Познания Еремея в геологии не позволяли судить, нормально это, или редкость. Поскольку рашшин вообще был редкостью, нужно думать, и переплетение жил тоже редкость.
– Золото тоже добро, не выбрасывать же. Союзу Монастырей пригодится, его ценят на берегах Внутреннего моря. Союз Монастырей планирует послать Большой Караван к берегам Лантического моря-окияна, установить посольство и завязать торговлю. Вот товару прикопят, и в путь-дорожку. Тут наше золото и скажется, – достопочтенный Хармсдоннер подлил манной браги Еремею. – Я вижу, вы оценили продукт нашего тёплого сада.
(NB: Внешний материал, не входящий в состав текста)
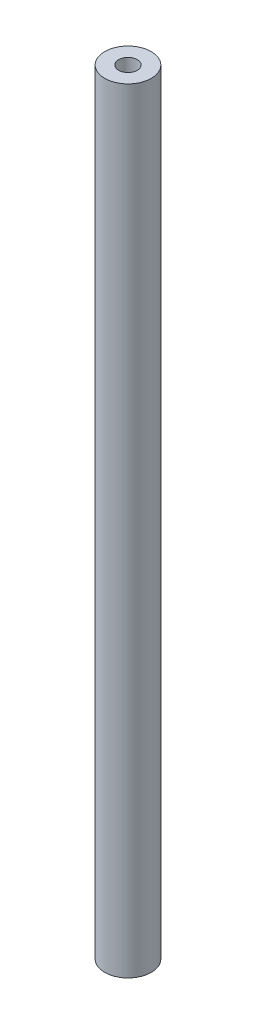
ISO-10303-21;
HEADER;
FILE_DESCRIPTION(('STEP AP214'),'2;1');
FILE_NAME('part.step','',(''),(''),'','','');
FILE_SCHEMA(('AUTOMOTIVE_DESIGN { 1 0 10303 214 1 1 1 1 }'));
ENDSEC;
DATA;
#1=APPLICATION_CONTEXT('core data for automotive mechanical design processes');
#2=APPLICATION_PROTOCOL_DEFINITION('international standard','automotive_design',2000,#1);
#3=PRODUCT_CONTEXT('',#1,'mechanical');
#4=PRODUCT('Part','Part','',(#3));
#5=PRODUCT_RELATED_PRODUCT_CATEGORY('part','',(#4));
#6=PRODUCT_DEFINITION_FORMATION('','',#4);
#7=PRODUCT_DEFINITION_CONTEXT('part definition',#1,'design');
#8=PRODUCT_DEFINITION('design','',#6,#7);
#9=PRODUCT_DEFINITION_SHAPE('','',#8);
#10=(LENGTH_UNIT() NAMED_UNIT(*) SI_UNIT(.MILLI.,.METRE.));
#11=(NAMED_UNIT(*) PLANE_ANGLE_UNIT() SI_UNIT($,.RADIAN.));
#12=(NAMED_UNIT(*) SI_UNIT($,.STERADIAN.) SOLID_ANGLE_UNIT());
#13=UNCERTAINTY_MEASURE_WITH_UNIT(LENGTH_MEASURE(1.E-05),#10,'distance_accuracy_value','');
#14=(GEOMETRIC_REPRESENTATION_CONTEXT(3) GLOBAL_UNCERTAINTY_ASSIGNED_CONTEXT((#13)) GLOBAL_UNIT_ASSIGNED_CONTEXT((#10,
#11,#12)) REPRESENTATION_CONTEXT('',''));
#15=CARTESIAN_POINT('',(0.,0.,0.));
#16=DIRECTION('',(0.,0.,1.));
#17=DIRECTION('',(1.,0.,0.));
#18=AXIS2_PLACEMENT_3D('',#15,#16,#17);
#19=CARTESIAN_POINT('',(0.,-250.,0.));
#20=DIRECTION('',(0.,1.,0.));
#21=DIRECTION('',(0.,0.,1.));
#22=AXIS2_PLACEMENT_3D('',#19,#20,#21);
#23=CYLINDRICAL_SURFACE('',#22,15.);
#24=CARTESIAN_POINT('',(0.,-250.,0.));
#25=DIRECTION('',(0.,1.,0.));
#26=DIRECTION('',(0.,0.,1.));
#27=AXIS2_PLACEMENT_3D('',#24,#25,#26);
#28=CIRCLE('',#27,15.);
#29=CARTESIAN_POINT('',(0.,-250.,15.));
#30=VERTEX_POINT('',#29);
#31=EDGE_CURVE('E116',#30,#30,#28,.T.);
#32=ORIENTED_EDGE('',*,*,#31,.T.);
#33=EDGE_LOOP('',(#32));
#34=FACE_BOUND('',#33,.T.);
#35=CARTESIAN_POINT('',(0.,250.,0.));
#36=DIRECTION('',(0.,1.,0.));
#37=DIRECTION('',(0.,0.,1.));
#38=AXIS2_PLACEMENT_3D('',#35,#36,#37);
#39=CIRCLE('',#38,15.);
#40=CARTESIAN_POINT('',(0.,250.,15.));
#41=VERTEX_POINT('',#40);
#42=EDGE_CURVE('E113',#41,#41,#39,.T.);
#43=ORIENTED_EDGE('',*,*,#42,.F.);
#44=EDGE_LOOP('',(#43));
#45=FACE_BOUND('',#44,.T.);
#46=ADVANCED_FACE('F37',(#34,#45),#23,.T.);
#47=CARTESIAN_POINT('',(0.,-250.,0.));
#48=DIRECTION('',(0.,1.,0.));
#49=DIRECTION('',(0.,0.,1.));
#50=AXIS2_PLACEMENT_3D('',#47,#48,#49);
#51=PLANE('',#50);
#52=CARTESIAN_POINT('',(0.,-250.,0.));
#53=DIRECTION('',(0.,1.,0.));
#54=DIRECTION('',(0.,0.,1.));
#55=AXIS2_PLACEMENT_3D('',#52,#53,#54);
#56=CIRCLE('',#55,6.);
#57=CARTESIAN_POINT('',(0.,-250.,6.));
#58=VERTEX_POINT('',#57);
#59=EDGE_CURVE('E110',#58,#58,#56,.T.);
#60=ORIENTED_EDGE('',*,*,#59,.T.);
#61=EDGE_LOOP('',(#60));
#62=FACE_BOUND('',#61,.T.);
#63=ORIENTED_EDGE('',*,*,#31,.F.);
#64=EDGE_LOOP('',(#63));
#65=FACE_BOUND('',#64,.T.);
#66=ADVANCED_FACE('F136',(#62,#65),#51,.F.);
#67=CARTESIAN_POINT('',(0.,250.,0.));
#68=DIRECTION('',(0.,1.,0.));
#69=DIRECTION('',(0.,0.,1.));
#70=AXIS2_PLACEMENT_3D('',#67,#68,#69);
#71=PLANE('',#70);
#72=CARTESIAN_POINT('',(0.,250.,0.));
#73=DIRECTION('',(0.,1.,0.));
#74=DIRECTION('',(0.,0.,1.));
#75=AXIS2_PLACEMENT_3D('',#72,#73,#74);
#76=CIRCLE('',#75,6.);
#77=CARTESIAN_POINT('',(0.,250.,6.));
#78=VERTEX_POINT('',#77);
#79=EDGE_CURVE('E107',#78,#78,#76,.T.);
#80=ORIENTED_EDGE('',*,*,#79,.F.);
#81=EDGE_LOOP('',(#80));
#82=FACE_BOUND('',#81,.T.);
#83=ORIENTED_EDGE('',*,*,#42,.T.);
#84=EDGE_LOOP('',(#83));
#85=FACE_BOUND('',#84,.T.);
#86=ADVANCED_FACE('F141',(#82,#85),#71,.T.);
#87=CARTESIAN_POINT('',(0.,-250.,0.));
#88=DIRECTION('',(0.,1.,0.));
#89=DIRECTION('',(0.,0.,1.));
#90=AXIS2_PLACEMENT_3D('',#87,#88,#89);
#91=CYLINDRICAL_SURFACE('',#90,6.);
#92=DIRECTION('',(0.,-1.,0.));
#93=VECTOR('',#92,1.);
#94=CARTESIAN_POINT('',(-6.,200.,0.));
#95=LINE('',#94,#93);
#96=CARTESIAN_POINT('',(-6.,200.,0.));
#97=VERTEX_POINT('',#96);
#98=CARTESIAN_POINT('',(-5.99999999999999,174.999998923679,0.));
#99=VERTEX_POINT('',#98);
#100=EDGE_CURVE('E86',#97,#99,#95,.T.);
#101=ORIENTED_EDGE('',*,*,#100,.F.);
#102=CARTESIAN_POINT('',(0.,200.,0.));
#103=DIRECTION('',(0.,0.707106781186547,0.707106781186547));
#104=DIRECTION('',(0.,0.707106781186547,-0.707106781186547));
#105=AXIS2_PLACEMENT_3D('',#102,#103,#104);
#106=ELLIPSE('',#105,8.48528137423857,6.);
#107=CARTESIAN_POINT('',(6.,200.,0.));
#108=VERTEX_POINT('',#107);
#109=EDGE_CURVE('E11',#97,#108,#106,.F.);
#110=ORIENTED_EDGE('',*,*,#109,.T.);
#111=DIRECTION('',(0.,1.,0.));
#112=VECTOR('',#111,1.);
#113=CARTESIAN_POINT('',(6.,200.,0.));
#114=LINE('',#113,#112);
#115=CARTESIAN_POINT('',(6.,174.999998923679,0.));
#116=VERTEX_POINT('',#115);
#117=EDGE_CURVE('E100',#116,#108,#114,.T.);
#118=ORIENTED_EDGE('',*,*,#117,.F.);
#119=CARTESIAN_POINT('',(0.,174.999998923679,0.));
#120=DIRECTION('',(0.,0.707106781186547,-0.707106781186547));
#121=DIRECTION('',(0.,0.707106781186547,0.707106781186547));
#122=AXIS2_PLACEMENT_3D('',#119,#120,#121);
#123=ELLIPSE('',#122,8.48528137423857,6.);
#124=EDGE_CURVE('E44',#116,#99,#123,.T.);
#125=ORIENTED_EDGE('',*,*,#124,.T.);
#126=EDGE_LOOP('',(#101,#110,#118,#125));
#127=FACE_BOUND('',#126,.T.);
#128=ORIENTED_EDGE('',*,*,#59,.F.);
#129=EDGE_LOOP('',(#128));
#130=FACE_BOUND('',#129,.T.);
#131=ORIENTED_EDGE('',*,*,#79,.T.);
#132=EDGE_LOOP('',(#131));
#133=FACE_BOUND('',#132,.T.);
#134=ADVANCED_FACE('F122',(#127,#130,#133),#91,.F.);
#135=CARTESIAN_POINT('',(0.,200.,-12.));
#136=DIRECTION('',(0.,0.,1.));
#137=DIRECTION('',(1.,0.,0.));
#138=AXIS2_PLACEMENT_3D('',#135,#136,#137);
#139=CYLINDRICAL_SURFACE('',#138,6.);
#140=DIRECTION('',(0.,0.,1.));
#141=VECTOR('',#140,1.);
#142=CARTESIAN_POINT('',(-6.,200.,-12.));
#143=LINE('',#142,#141);
#144=CARTESIAN_POINT('',(-6.,200.,-12.));
#145=VERTEX_POINT('',#144);
#146=EDGE_CURVE('E74',#145,#97,#143,.T.);
#147=ORIENTED_EDGE('',*,*,#146,.F.);
#148=CARTESIAN_POINT('',(0.,200.,-12.));
#149=DIRECTION('',(0.,0.,1.));
#150=DIRECTION('',(-1.,0.,0.));
#151=AXIS2_PLACEMENT_3D('',#148,#149,#150);
#152=CIRCLE('',#151,6.);
#153=CARTESIAN_POINT('',(6.,200.,-12.));
#154=VERTEX_POINT('',#153);
#155=EDGE_CURVE('E98',#154,#145,#152,.T.);
#156=ORIENTED_EDGE('',*,*,#155,.F.);
#157=DIRECTION('',(0.,0.,1.));
#158=VECTOR('',#157,1.);
#159=CARTESIAN_POINT('',(6.,200.,-12.));
#160=LINE('',#159,#158);
#161=EDGE_CURVE('E57',#154,#108,#160,.T.);
#162=ORIENTED_EDGE('',*,*,#161,.T.);
#163=ORIENTED_EDGE('',*,*,#109,.F.);
#164=EDGE_LOOP('',(#147,#156,#162,#163));
#165=FACE_BOUND('',#164,.T.);
#166=ADVANCED_FACE('F132',(#165),#139,.F.);
#167=CARTESIAN_POINT('',(0.,174.999998923679,-12.));
#168=DIRECTION('',(0.,0.,1.));
#169=DIRECTION('',(1.,0.,0.));
#170=AXIS2_PLACEMENT_3D('',#167,#168,#169);
#171=CYLINDRICAL_SURFACE('',#170,6.);
#172=DIRECTION('',(0.,0.,1.));
#173=VECTOR('',#172,1.);
#174=CARTESIAN_POINT('',(6.,174.999998923679,-12.));
#175=LINE('',#174,#173);
#176=CARTESIAN_POINT('',(6.,174.999998923679,-12.));
#177=VERTEX_POINT('',#176);
#178=EDGE_CURVE('E51',#177,#116,#175,.T.);
#179=ORIENTED_EDGE('',*,*,#178,.F.);
#180=CARTESIAN_POINT('',(0.,174.999998923679,-12.));
#181=DIRECTION('',(0.,0.,1.));
#182=DIRECTION('',(1.,0.,0.));
#183=AXIS2_PLACEMENT_3D('',#180,#181,#182);
#184=CIRCLE('',#183,6.);
#185=CARTESIAN_POINT('',(-5.99999999999999,174.999998923679,-12.));
#186=VERTEX_POINT('',#185);
#187=EDGE_CURVE('E91',#186,#177,#184,.T.);
#188=ORIENTED_EDGE('',*,*,#187,.F.);
#189=DIRECTION('',(0.,0.,1.));
#190=VECTOR('',#189,1.);
#191=CARTESIAN_POINT('',(-5.99999999999999,174.999998923679,-12.));
#192=LINE('',#191,#190);
#193=EDGE_CURVE('E79',#186,#99,#192,.T.);
#194=ORIENTED_EDGE('',*,*,#193,.T.);
#195=ORIENTED_EDGE('',*,*,#124,.F.);
#196=EDGE_LOOP('',(#179,#188,#194,#195));
#197=FACE_BOUND('',#196,.T.);
#198=ADVANCED_FACE('F92',(#197),#171,.F.);
#199=CARTESIAN_POINT('',(6.,200.,-12.));
#200=DIRECTION('',(1.,0.,0.));
#201=DIRECTION('',(0.,1.,0.));
#202=AXIS2_PLACEMENT_3D('',#199,#200,#201);
#203=PLANE('',#202);
#204=ORIENTED_EDGE('',*,*,#117,.T.);
#205=ORIENTED_EDGE('',*,*,#161,.F.);
#206=DIRECTION('',(0.,1.,0.));
#207=VECTOR('',#206,1.);
#208=CARTESIAN_POINT('',(6.,200.,-12.));
#209=LINE('',#208,#207);
#210=EDGE_CURVE('E95',#177,#154,#209,.T.);
#211=ORIENTED_EDGE('',*,*,#210,.F.);
#212=ORIENTED_EDGE('',*,*,#178,.T.);
#213=EDGE_LOOP('',(#204,#205,#211,#212));
#214=FACE_BOUND('',#213,.T.);
#215=ADVANCED_FACE('F124',(#214),#203,.F.);
#216=CARTESIAN_POINT('',(-6.,200.,-12.));
#217=DIRECTION('',(-1.,0.,0.));
#218=DIRECTION('',(0.,-1.,0.));
#219=AXIS2_PLACEMENT_3D('',#216,#217,#218);
#220=PLANE('',#219);
#221=ORIENTED_EDGE('',*,*,#100,.T.);
#222=ORIENTED_EDGE('',*,*,#193,.F.);
#223=DIRECTION('',(0.,-1.,0.));
#224=VECTOR('',#223,1.);
#225=CARTESIAN_POINT('',(-6.,200.,-12.));
#226=LINE('',#225,#224);
#227=EDGE_CURVE('E83',#145,#186,#226,.T.);
#228=ORIENTED_EDGE('',*,*,#227,.F.);
#229=ORIENTED_EDGE('',*,*,#146,.T.);
#230=EDGE_LOOP('',(#221,#222,#228,#229));
#231=FACE_BOUND('',#230,.T.);
#232=ADVANCED_FACE('F81',(#231),#220,.F.);
#233=CARTESIAN_POINT('',(0.,200.,-12.));
#234=DIRECTION('',(0.,0.,-1.));
#235=DIRECTION('',(-1.,0.,0.));
#236=AXIS2_PLACEMENT_3D('',#233,#234,#235);
#237=PLANE('',#236);
#238=ORIENTED_EDGE('',*,*,#155,.T.);
#239=ORIENTED_EDGE('',*,*,#227,.T.);
#240=ORIENTED_EDGE('',*,*,#187,.T.);
#241=ORIENTED_EDGE('',*,*,#210,.T.);
#242=EDGE_LOOP('',(#238,#239,#240,#241));
#243=FACE_BOUND('',#242,.T.);
#244=ADVANCED_FACE('F97',(#243),#237,.F.);
#245=CLOSED_SHELL('',(#46,#66,#86,#134,#166,#198,#215,#232,#244));
#246=MANIFOLD_SOLID_BREP('B2',#245);
#247=ADVANCED_BREP_SHAPE_REPRESENTATION('',(#18,#246),#14);
#248=SHAPE_DEFINITION_REPRESENTATION(#9,#247);
ENDSEC;
END-ISO-10303-21;

Еремей только сейчас заметил, что осушил бокал.
– Тёплого сада, достопочтенный Хармсдоннер?
– О, поселенцы – люди находчивые. Почтенный Рэндольф, с которым вы познакомились утром в церкви, устроил рядом с горячими источниками садик. В пещерах, естественно. Тёплая вода даёт результаты невиданные – манна растет пышная, сладкая, и брага из неё не уступает виноградному вину – так мы, поселенцы, самонадеянно утверждаем.
– Вино и впрямь отменно, – согласился Еремей. Знатоком вин он не был, но темно-вишневая влага в бокале ему действительно нравилась. – Но сегодня с меня довольно. Нужно подготовиться к завтрашнему походу на озеро, разведать как и что.
– Отец Еремей хочет посмотреть на Озёрного Сайрина, – пояснил достопочтенный Хармсдоннер советнику.
– Никогда не слышал. У нас тишина. Мне пора, – поднялся из-за стола Им-Зик. – Иду к штреку. Начнем разработку. Время летнее, дорогое.
– Лучше бы его и никогда не слышать. Отец Еремей, вскоре ко мне должен зайти капитан Брасье. С ним мы и обсудим ваше предприятие, – удержал старшина Еремея.
Тот охотно остался сидеть за столом. Сегодняшний день непростой, можно чуть-чуть и отдохнуть. Да ещё брага. Славная штука, но клонит ко сну. Впредь правило – не выпивать больше бокала.